図7は、VL特異的プライマー(レーン1)又はVH特異的プライマー(レーン2)を用いたPCR産物のゲル分析を示す。得られたPCR断片を次いで標準的クローニングベクターに別々にクローニングし、配列を決定した。PCRを用いて、クローン14B8の重鎖及び軽鎖を配列決定し、2つの可変軽鎖配列を見いだした。
【0096】
表1は、クローン14B8の種々のアミノ酸配列及びヌクレオチド配列、例えば、その第一、第二及び第三の相補性決定領域(VHCDR1、VHCDR2及びVHCDR3)を包含する可変重(VH)鎖、その第一、第二及び第三の相補性決定領域(VL1CDR1、VL1CDR2及びVL1CDR3)を包含する第一の可変軽(VL1)鎖、並びにその第一、第二及び第三の相補性決定領域(VL2CDR1、VL2CDR2及びVL2CDR3)を包含する第二の可変軽(VL2)鎖を示す。

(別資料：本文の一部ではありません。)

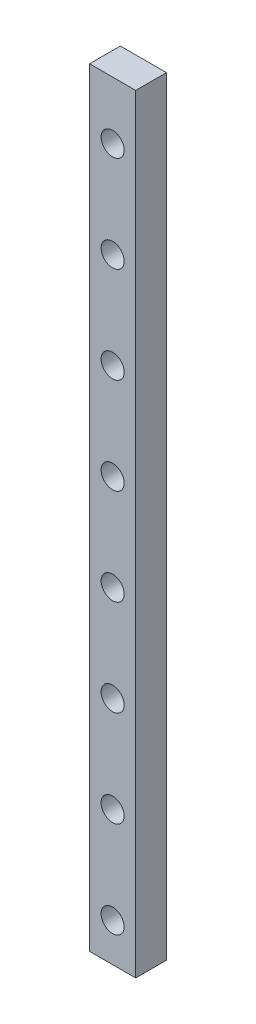
from build123d import *

# Parameters (mm, degrees)
SKETCH_1_W             = 12
SKETCH_1_H             = 8
EXTRUDE_1_DEPTH        = 200
SKETCH_2_R             = 3
CUT_EXTRUDE_1_DEPTH    = 4.5
SKETCH_3_R             = 1.75
CUT_EXTRUDE_2_DEPTH    = 4.5
PATTERN_LINEAR_1_COUNT = 8
PATTERN_LINEAR_1_PITCH = 25


with BuildPart() as part:
    # 草图1 → 凸台-拉伸1 (new body)
    with BuildSketch(Plane(origin=(0, 0, 0), x_dir=(1, 0, 0), z_dir=(0, 1, 0))):
        Rectangle(SKETCH_1_W, SKETCH_1_H)
    extrude(amount=EXTRUDE_1_DEPTH)

    # 草图2 → 切除-拉伸1 (cut)
    with BuildSketch(Plane.XY.offset(4)):
        with Locations((0, 10)):
            Circle(SKETCH_2_R)
    cut_extrude_1 = extrude(amount=-CUT_EXTRUDE_1_DEPTH, mode=Mode.SUBTRACT)

    # 草图3 → 切除-拉伸2 (cut)
    with BuildSketch(Plane.XY.offset(-0.5)):
        with Locations((0, 10)):
            Circle(SKETCH_3_R)
    cut_extrude_2 = extrude(amount=-CUT_EXTRUDE_2_DEPTH, mode=Mode.SUBTRACT)

    # 阵列(线性)1: 切除-拉伸1, 切除-拉伸2 ×8
    with Locations(*[(0, i * PATTERN_LINEAR_1_PITCH, 0) for i in range(1, PATTERN_LINEAR_1_COUNT)]):
        add(cut_extrude_1, mode=Mode.SUBTRACT)
        add(cut_extrude_2, mode=Mode.SUBTRACT)


solid = part.part

2つの軽鎖配列は、CDR1の1個のアミノ酸のみが異なる(配列番号9と17を比較)。NからYへの変化は、配列番号13及び19に示されるようにTATからAATへのコドンの変化によるものである。この不一致は、標的サブクローンの多重コロニー性(multiple coloniality)に起因する可能性がある。ヌクレオチド及びアミノ酸の変化は、太字及び下線で強調されている。
表1.クローン14B8の配列
【表1】
【0097】
実施例4.抗GASP-1 scFv-Fcタンパク質
抗GASP-1 scFv-Fcタンパク質は、クローン14B8の配列に基づいて作製した。異なる可変軽(VL)鎖配列を用いて、2つのscFv-Fc発現ベクター、scFv1-Fc及びscFv2-Fcを調製した。発現ベクターのコンストラクト設計は、
図8中に示される。scFv1-FcのVLは1468軽鎖#2(配列番号9)であり、scFv2-FcのVLは1468軽鎖#1(配列番号17)である。発現ベクターをHEK293細胞に一過性にトランスフェクトし、Gibco(登録商標) FreeStyle(商標)293 Expression Mediumを使用してHEK293細胞においてscFv-Fcタンパク質を発現させた。
【0098】
scFv-Fcタンパク質をProtein Aアフィニティークロマトグラフィーによって精製し、標的のPC-3がん細胞への親和性を解析した。フローサイトメトリー解析(FACS)において、5 x 10
5個のPC-3細胞をscFv1-Fc又はscFv2-Fcタンパク質で染色し、その後に二次抗体としてPE-抗ヒトIgG Fc抗体で染色した。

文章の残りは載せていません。